But would you really be "dumb" if you did things differently? Or would you be
following a different set of economic values? Seriously, think about that. I
challenge you to rethink your "smart vs dumb" idea. It's "smart" to drive and
rely on a car. But on another very important level, it's also incredibly
foolish, a.k.a. "dumb".

And I'd argue that what you and your renter have done is also pretty "dumb".
Why? Because you and your renters are paying the bank _that much_ for a house.
The cost of building a new house is much less. This is an _old house_ , but
the bank said "this house is actually worth more than a new house, because you
can simply pass the debt onto someone who doesn't have the option of buying a
house at this moment, even though they urgently need a place to live". The
house itself probably isn't inherently "worth" that much: it takes a lot of
work to keep up an aging house. Yet all of this rent money is harvested from
the occupant's time/earnings/savings: money that could be _invested in the
house_ gets sucked into some exponential function that translates to the bank
taking thousands of dollars a month from your renters. Since the bank is so
"helpful", you get to keep a very small amount allowance so that you can do
repairs/profit. Of course, in the end you'll "own" the house, you'll have paid
off your mortgage. Or maybe you'll sell it to someone else, who will enter
into a similar agreement with the bank.

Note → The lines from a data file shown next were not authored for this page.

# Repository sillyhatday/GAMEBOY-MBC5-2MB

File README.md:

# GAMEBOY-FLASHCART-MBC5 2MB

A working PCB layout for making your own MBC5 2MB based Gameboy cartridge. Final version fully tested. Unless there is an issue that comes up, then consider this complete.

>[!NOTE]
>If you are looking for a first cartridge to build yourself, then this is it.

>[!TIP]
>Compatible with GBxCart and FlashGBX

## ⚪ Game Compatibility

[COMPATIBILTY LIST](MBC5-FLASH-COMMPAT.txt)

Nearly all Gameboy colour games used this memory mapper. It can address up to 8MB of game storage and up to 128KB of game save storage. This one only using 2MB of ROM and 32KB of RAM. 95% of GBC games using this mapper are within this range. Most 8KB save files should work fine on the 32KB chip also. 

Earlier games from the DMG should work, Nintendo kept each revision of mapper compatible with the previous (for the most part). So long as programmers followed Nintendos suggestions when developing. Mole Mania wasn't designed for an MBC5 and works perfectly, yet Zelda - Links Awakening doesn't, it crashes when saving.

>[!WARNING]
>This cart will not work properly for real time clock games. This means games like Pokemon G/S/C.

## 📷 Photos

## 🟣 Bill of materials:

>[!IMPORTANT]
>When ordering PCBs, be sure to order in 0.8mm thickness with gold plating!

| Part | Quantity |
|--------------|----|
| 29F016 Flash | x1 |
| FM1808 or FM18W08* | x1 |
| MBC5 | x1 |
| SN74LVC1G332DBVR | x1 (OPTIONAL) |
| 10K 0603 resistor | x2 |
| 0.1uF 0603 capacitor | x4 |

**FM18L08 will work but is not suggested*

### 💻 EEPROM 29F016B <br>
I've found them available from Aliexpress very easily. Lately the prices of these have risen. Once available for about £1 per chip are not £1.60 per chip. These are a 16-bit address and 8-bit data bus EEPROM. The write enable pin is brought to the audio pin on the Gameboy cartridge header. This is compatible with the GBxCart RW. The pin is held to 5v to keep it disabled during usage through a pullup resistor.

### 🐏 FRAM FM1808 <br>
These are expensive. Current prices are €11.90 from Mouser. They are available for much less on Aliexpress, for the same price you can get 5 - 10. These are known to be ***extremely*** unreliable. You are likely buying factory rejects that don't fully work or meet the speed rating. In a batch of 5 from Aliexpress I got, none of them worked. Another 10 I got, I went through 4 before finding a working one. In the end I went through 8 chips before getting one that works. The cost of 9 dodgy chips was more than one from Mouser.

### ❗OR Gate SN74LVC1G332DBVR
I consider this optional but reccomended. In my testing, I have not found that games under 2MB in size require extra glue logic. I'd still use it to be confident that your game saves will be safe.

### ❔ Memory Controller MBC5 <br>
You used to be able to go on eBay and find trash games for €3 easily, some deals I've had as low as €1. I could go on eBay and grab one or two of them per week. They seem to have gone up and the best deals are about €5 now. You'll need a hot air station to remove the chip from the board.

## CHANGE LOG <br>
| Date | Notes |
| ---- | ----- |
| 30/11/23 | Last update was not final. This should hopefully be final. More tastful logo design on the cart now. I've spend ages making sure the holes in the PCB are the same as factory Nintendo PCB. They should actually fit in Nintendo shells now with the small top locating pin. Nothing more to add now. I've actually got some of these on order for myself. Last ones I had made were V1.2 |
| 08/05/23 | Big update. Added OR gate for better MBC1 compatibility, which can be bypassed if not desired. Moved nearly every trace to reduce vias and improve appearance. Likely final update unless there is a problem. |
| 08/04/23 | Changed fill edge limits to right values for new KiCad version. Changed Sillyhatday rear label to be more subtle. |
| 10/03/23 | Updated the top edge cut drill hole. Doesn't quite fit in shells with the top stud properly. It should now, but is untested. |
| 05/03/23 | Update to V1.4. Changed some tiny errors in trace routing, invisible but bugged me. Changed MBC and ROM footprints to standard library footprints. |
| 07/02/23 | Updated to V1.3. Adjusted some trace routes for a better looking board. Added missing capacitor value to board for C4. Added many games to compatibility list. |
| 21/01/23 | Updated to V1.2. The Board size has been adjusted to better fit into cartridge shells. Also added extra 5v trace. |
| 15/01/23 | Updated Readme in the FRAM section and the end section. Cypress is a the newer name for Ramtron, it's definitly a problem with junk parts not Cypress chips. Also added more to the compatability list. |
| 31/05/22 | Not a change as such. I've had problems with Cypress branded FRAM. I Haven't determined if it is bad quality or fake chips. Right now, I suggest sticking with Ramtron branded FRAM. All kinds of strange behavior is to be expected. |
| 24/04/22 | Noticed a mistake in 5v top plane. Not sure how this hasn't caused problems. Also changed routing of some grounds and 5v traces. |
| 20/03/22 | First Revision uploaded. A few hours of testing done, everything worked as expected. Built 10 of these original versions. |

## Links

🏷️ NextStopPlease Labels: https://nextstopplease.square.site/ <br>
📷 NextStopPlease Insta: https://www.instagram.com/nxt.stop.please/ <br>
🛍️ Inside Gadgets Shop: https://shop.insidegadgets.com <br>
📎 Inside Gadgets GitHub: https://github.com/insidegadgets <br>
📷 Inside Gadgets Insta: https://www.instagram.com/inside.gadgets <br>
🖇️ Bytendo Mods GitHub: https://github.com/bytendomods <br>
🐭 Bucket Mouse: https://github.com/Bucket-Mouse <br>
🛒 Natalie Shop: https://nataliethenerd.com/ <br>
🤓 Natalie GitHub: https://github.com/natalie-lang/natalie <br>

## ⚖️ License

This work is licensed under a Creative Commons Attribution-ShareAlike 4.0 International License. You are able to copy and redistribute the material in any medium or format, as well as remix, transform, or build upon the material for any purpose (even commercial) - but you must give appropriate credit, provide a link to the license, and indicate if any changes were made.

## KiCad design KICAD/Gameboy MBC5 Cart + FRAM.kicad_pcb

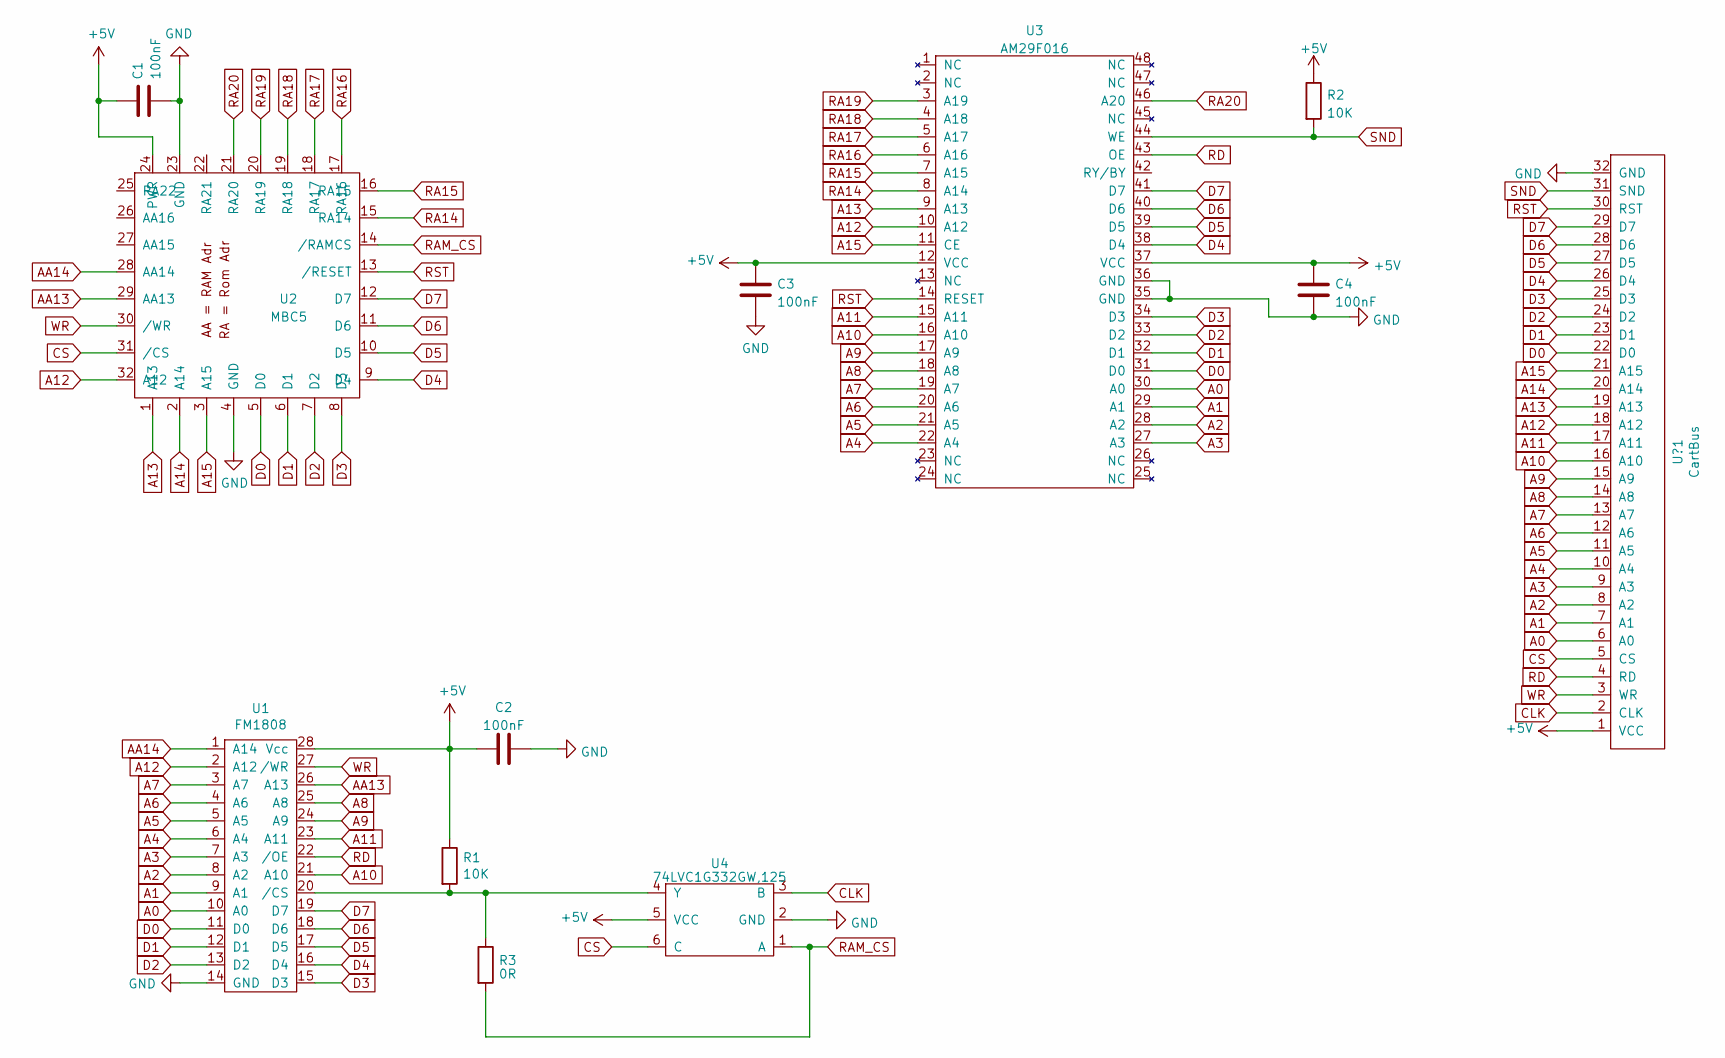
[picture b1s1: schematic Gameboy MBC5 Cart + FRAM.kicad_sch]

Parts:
C1, C2, C3, C4: 100nF; C_0603_1608Metric_Pad1.08x0.95mm_HandSolder
R1, R2: 10K; R_0603_1608Metric_Pad0.98x0.95mm_HandSolder
R3: 0R; LINK
U1: FM1808; SOIC-28W_7.5x17.9mm_P1.27mm
U2: MBC5; LQFP-32_7x7mm_P0.8mm
U3: AM29F016; TSOP-I-48_18.4x12mm_P0.5mm
U4: 74LVC1G332GW,125; TSOP-6_1.65x3.05mm_P0.95mm
U?1: CartBus; GameBoy_GamePak_DMG-09_P1.50mm_Edge

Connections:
+5V: C1.1, C2.1, C3.1, C4.1, R1.1, R2.1, U1.28 (Vcc), U2.24 (PWR), U3.12 (VCC), U3.37 (VCC~), U4.5 (VCC), U?1.1 (VCC)
A0: U1.10 (A0), U3.30 (A0~), U?1.6 (A0)
A1: U1.9 (A1), U3.29 (A1), U?1.7 (A1)
A2: U1.8 (A2), U3.28 (A2), U?1.8 (A2)
A3: U1.7 (A3), U3.27 (A3), U?1.9 (A3)
A4: U1.6 (A4), U3.22 (A4), U?1.10 (A4)
A5: U1.5 (A5), U3.21 (A5), U?1.11 (A5)
A6: U1.4 (A6), U3.20 (A6), U?1.12 (A6)
A7: U1.3 (A7), U3.19 (A7), U?1.13 (A7)
A8: U1.25 (A8), U3.18 (A8), U?1.14 (A8)
A9: U1.24 (A9), U3.17 (A9), U?1.15 (A9)
A10: U1.21 (A10), U3.16 (A10), U?1.16 (A10)
A11: U1.23 (A11), U3.15 (A11), U?1.17 (A11)
A12: U1.2 (A12), U2.32 (A12), U3.10 (A12), U?1.18 (A12)
A13: U2.1 (A13), U3.9 (A13), U?1.19 (A13)
A14: U2.2 (A14), U?1.20 (A14)
A15: U2.3 (A15), U3.11 (CE), U?1.21 (A15)
AA13: U1.26 (A13), U2.29 (AA13)
AA14: U1.1 (A14), U2.28 (AA14)
CLK: U4.3 (B), U?1.2 (CLK~)
CS: U2.31 (/CS), U4.6 (C), U?1.5 (CS)
D0: U1.11 (D0), U2.5 (D0), U3.31 (D0), U?1.22 (D0)
D1: U1.12 (D1), U2.6 (D1), U3.32 (D1), U?1.23 (D1)
D2: U1.13 (D2), U2.7 (D2), U3.33 (D2), U?1.24 (D2)
D3: U1.15 (D3), U2.8 (D3), U3.34 (D3), U?1.25 (D3)
D4: U1.16 (D4), U2.9 (D4), U3.38 (D4), U?1.26 (D4)
D5: U1.17 (D5), U2.10 (D5), U3.39 (D5), U?1.27 (D5)
D6: U1.18 (D6), U2.11 (D6), U3.40 (D6), U?1.28 (D6)
D7: U1.19 (D7), U2.12 (D7), U3.41 (D7), U?1.29 (D7)
GND: C1.2, C2.2, C3.2, C4.2, U1.14 (GND), U2.4 (GND), U2.23 (GND), U3.35 (GND), U3.36 (GND), U4.2 (GND), U?1.32 (GND)
unnamed: R1.2, R3.1, U1.20 (/CS), U4.4 (Y)
RA14: U2.15 (RA14), U3.8 (A14)
RA15: U2.16 (RA15), U3.7 (A15)
RA16: U2.17 (RA16), U3.6 (A16)
RA17: U2.18 (RA17), U3.5 (A17)
RA18: U2.19 (RA18), U3.4 (A18)
RA19: U2.20 (RA19), U3.3 (A19)
RA20: U2.21 (RA20), U3.46 (A20)
RAM_CS: R3.2, U2.14 (/RAMCS), U4.1 (A)
RD: U1.22 (/OE), U3.43 (OE~), U?1.4 (RD)
RST: U2.13 (/RESET), U3.14 (RESET), U?1.30 (RST)
SND: R2.2, U3.44 (WE), U?1.31 (SND)
WR: U1.27 (/WR), U2.30 (/WR), U?1.3 (WR)

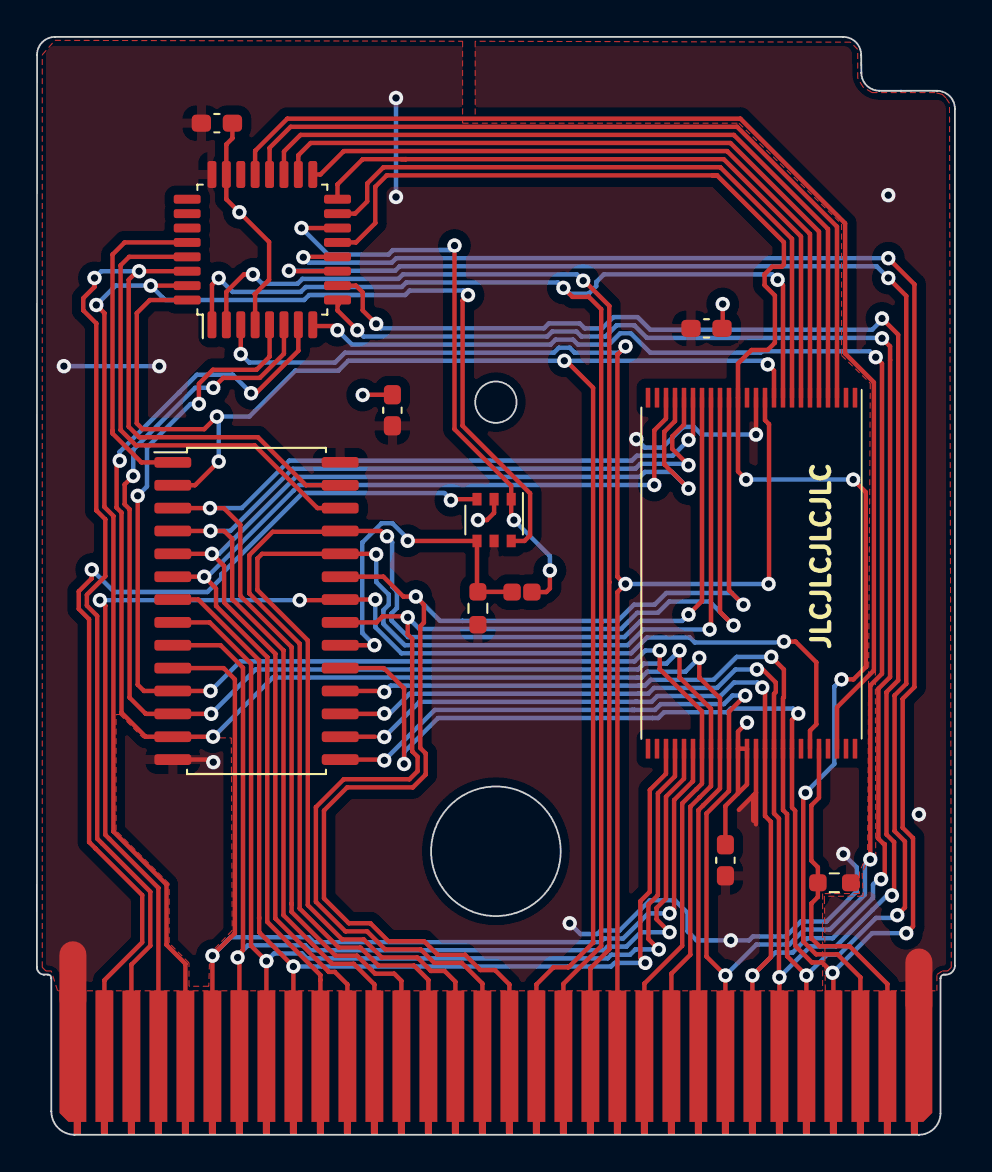
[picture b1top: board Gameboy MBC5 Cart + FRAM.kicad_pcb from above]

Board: 2 copper layers, 51.0 x 61.0 mm, 12 parts (0 on the bottom side), 43 nets.

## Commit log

2022-03-19 Update README.md
    First readme. Gerbers to follow
2023-11-30 Update README.md
    updated changelog
2023-12-14 Update README.md
    Final update bits and bobs
2023-12-14 Update README.md
    comment
2023-12-31 Update README.md
    new photos
2023-12-31 Update README.md
    New photos fixed
2023-12-31 Update README.md
    Fixed
2024-01-02 Update README.md
    Changed readme. Added game compatibility at the top and removed compatibility at the bottom
2025-05-28 Create License.md
    License added
2025-05-28 Update README.md
    added license
2026-06-24 Update README.md
    readme update for 2026
2026-06-24 Update README.md
    added links
2026-06-24 Update README.md
    typos, photo scaling
2026-06-24 Update README.md
    logic gate section
2026-06-24 Update README.md
    tip
2026-06-25 Create call this a design?

Regardless, by the time someone has
paid off the mortgage, banks will have gotten off with something in the range
of 0.5-5x the entire inflated value of the house just for handling sacred
paperwork. To me, that's _DUMB_.

This kind of thing is technically forbidden in Islam, Judaism and arguably
Christianity, but not in the USA.

By the way, I'm right there with you in doing dumb stuff like this: I'm a
renter.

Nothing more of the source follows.